* [Description of the task] Work out how many lines below contain the word "mode". Only the number is wanted.

* [Excerpted records]
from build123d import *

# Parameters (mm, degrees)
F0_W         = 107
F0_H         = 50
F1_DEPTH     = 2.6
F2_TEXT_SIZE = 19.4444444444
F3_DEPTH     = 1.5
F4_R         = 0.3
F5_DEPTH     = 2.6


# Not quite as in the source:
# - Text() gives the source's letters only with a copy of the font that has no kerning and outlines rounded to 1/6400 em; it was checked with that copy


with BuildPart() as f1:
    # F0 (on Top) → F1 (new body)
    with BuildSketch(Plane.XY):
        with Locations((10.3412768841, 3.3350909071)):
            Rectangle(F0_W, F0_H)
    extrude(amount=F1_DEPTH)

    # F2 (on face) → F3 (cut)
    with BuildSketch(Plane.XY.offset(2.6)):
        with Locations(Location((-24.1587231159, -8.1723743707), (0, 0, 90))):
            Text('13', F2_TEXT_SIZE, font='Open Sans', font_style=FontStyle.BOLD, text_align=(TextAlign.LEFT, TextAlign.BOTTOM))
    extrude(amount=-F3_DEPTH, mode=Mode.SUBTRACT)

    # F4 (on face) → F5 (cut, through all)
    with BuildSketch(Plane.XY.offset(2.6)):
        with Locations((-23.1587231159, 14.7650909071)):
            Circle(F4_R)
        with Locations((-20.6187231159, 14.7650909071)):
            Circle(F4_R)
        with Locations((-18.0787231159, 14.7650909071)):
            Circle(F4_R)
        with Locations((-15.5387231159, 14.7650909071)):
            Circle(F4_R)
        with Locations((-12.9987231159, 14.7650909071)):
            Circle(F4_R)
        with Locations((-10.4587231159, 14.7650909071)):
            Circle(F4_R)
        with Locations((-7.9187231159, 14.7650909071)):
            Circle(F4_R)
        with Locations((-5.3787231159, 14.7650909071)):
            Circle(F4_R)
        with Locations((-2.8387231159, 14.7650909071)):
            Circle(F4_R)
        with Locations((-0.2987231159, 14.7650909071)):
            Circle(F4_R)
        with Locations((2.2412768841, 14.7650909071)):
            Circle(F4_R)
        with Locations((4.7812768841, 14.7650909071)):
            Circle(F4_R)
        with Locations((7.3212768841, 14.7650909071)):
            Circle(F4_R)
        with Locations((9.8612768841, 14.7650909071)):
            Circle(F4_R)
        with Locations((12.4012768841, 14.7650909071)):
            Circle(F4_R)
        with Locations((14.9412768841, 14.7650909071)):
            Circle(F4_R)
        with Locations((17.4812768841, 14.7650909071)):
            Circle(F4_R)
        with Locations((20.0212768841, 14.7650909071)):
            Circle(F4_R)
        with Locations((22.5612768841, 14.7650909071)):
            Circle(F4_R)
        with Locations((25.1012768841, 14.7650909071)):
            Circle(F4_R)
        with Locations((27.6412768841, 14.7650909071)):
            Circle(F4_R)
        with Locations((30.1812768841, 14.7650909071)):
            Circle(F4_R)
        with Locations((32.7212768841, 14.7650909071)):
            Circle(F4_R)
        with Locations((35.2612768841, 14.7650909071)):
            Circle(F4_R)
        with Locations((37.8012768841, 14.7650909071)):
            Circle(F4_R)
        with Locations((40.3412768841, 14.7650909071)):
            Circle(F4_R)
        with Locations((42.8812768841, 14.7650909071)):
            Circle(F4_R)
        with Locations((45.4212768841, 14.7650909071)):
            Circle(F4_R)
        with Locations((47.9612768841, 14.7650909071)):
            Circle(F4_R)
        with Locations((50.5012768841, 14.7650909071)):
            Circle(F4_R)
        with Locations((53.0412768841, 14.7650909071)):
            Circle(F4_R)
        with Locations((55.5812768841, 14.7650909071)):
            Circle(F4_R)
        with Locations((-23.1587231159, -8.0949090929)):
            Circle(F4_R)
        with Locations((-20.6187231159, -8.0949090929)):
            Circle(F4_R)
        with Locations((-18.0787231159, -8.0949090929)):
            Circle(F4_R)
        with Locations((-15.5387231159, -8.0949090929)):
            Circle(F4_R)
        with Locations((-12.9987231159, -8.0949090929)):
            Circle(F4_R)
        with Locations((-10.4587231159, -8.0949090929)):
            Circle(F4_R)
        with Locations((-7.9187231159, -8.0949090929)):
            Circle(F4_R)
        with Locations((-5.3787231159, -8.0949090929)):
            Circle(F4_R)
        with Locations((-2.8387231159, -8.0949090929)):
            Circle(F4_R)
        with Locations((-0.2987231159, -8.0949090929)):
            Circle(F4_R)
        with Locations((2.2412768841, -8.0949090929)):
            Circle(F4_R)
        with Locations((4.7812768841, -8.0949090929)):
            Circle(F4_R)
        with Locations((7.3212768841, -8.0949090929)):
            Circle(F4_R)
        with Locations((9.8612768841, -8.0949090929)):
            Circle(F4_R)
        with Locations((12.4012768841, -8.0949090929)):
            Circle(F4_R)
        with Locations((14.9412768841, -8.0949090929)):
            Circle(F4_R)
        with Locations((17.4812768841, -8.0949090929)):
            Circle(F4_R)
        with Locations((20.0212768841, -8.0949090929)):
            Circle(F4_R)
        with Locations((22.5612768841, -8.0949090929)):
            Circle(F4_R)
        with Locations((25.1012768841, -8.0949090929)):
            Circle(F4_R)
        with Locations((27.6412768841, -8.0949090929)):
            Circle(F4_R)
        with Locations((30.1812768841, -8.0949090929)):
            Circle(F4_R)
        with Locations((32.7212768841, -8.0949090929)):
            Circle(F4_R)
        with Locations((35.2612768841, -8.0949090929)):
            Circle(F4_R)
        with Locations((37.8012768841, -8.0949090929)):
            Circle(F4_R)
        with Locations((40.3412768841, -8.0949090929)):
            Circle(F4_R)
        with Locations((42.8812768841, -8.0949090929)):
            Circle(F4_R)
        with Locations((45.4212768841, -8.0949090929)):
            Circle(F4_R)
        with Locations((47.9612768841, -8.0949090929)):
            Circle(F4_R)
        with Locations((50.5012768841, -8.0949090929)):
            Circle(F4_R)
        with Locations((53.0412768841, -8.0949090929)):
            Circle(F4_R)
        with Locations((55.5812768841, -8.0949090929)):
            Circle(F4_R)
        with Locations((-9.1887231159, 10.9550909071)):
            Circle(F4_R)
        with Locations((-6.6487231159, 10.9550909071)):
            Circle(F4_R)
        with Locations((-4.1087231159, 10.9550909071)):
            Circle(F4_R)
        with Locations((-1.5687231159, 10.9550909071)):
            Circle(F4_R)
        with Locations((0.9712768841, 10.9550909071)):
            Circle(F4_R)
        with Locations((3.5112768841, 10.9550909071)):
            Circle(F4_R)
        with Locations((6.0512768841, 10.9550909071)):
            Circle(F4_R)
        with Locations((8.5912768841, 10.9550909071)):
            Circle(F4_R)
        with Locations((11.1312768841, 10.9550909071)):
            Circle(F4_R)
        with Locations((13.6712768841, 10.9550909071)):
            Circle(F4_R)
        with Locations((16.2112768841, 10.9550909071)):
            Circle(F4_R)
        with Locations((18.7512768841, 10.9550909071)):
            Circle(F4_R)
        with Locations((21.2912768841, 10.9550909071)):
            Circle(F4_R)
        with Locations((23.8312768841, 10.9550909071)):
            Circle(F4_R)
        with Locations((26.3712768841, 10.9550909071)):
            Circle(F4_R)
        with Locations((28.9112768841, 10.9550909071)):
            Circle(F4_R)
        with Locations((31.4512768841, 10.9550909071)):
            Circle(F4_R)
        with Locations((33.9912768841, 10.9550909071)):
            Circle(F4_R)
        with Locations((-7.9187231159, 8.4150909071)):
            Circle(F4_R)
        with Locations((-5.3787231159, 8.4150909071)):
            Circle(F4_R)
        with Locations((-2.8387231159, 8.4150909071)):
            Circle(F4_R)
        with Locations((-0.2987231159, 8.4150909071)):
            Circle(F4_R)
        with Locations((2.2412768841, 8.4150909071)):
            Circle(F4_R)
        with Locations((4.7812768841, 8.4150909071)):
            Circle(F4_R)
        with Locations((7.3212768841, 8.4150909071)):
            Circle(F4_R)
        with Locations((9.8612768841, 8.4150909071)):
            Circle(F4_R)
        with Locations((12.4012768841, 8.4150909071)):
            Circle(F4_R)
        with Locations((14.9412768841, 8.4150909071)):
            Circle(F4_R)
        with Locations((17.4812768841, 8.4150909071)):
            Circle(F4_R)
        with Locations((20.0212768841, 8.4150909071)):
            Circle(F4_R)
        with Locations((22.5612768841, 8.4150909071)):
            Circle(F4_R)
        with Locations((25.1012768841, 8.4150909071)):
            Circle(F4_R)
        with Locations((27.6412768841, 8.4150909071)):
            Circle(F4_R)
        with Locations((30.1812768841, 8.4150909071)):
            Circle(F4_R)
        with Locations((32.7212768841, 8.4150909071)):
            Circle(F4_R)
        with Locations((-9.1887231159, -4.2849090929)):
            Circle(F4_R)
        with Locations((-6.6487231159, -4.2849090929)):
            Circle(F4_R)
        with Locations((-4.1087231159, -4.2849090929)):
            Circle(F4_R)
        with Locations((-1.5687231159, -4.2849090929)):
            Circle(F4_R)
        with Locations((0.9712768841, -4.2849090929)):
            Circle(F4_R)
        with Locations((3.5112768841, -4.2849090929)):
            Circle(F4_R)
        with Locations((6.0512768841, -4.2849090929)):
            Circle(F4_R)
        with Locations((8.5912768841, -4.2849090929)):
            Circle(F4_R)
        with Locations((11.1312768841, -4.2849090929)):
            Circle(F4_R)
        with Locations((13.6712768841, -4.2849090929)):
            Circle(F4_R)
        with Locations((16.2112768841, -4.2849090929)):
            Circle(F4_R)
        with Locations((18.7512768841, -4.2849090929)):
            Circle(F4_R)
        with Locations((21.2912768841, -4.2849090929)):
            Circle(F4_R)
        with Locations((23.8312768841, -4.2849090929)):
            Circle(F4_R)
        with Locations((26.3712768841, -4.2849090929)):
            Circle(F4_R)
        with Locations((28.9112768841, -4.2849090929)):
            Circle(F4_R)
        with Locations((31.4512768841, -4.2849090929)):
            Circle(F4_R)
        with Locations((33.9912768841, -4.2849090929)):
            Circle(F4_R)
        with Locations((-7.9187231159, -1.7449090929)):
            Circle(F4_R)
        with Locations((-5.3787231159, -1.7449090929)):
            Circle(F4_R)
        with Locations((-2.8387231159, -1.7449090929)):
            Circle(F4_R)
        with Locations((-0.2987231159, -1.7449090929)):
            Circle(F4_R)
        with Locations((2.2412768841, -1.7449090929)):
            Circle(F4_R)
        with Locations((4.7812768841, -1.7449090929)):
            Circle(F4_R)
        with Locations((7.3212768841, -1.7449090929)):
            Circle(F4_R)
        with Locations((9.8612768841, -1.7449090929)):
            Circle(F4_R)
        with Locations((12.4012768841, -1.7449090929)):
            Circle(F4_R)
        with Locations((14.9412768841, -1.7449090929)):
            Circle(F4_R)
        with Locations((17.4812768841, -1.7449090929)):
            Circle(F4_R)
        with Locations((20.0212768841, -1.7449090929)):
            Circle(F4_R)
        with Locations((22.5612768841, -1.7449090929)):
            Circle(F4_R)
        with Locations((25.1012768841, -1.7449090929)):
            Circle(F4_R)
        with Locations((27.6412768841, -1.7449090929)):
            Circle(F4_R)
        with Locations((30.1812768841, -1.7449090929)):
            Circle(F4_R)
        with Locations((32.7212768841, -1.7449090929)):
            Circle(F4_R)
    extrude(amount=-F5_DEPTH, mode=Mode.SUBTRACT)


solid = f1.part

* [Result for this task] 2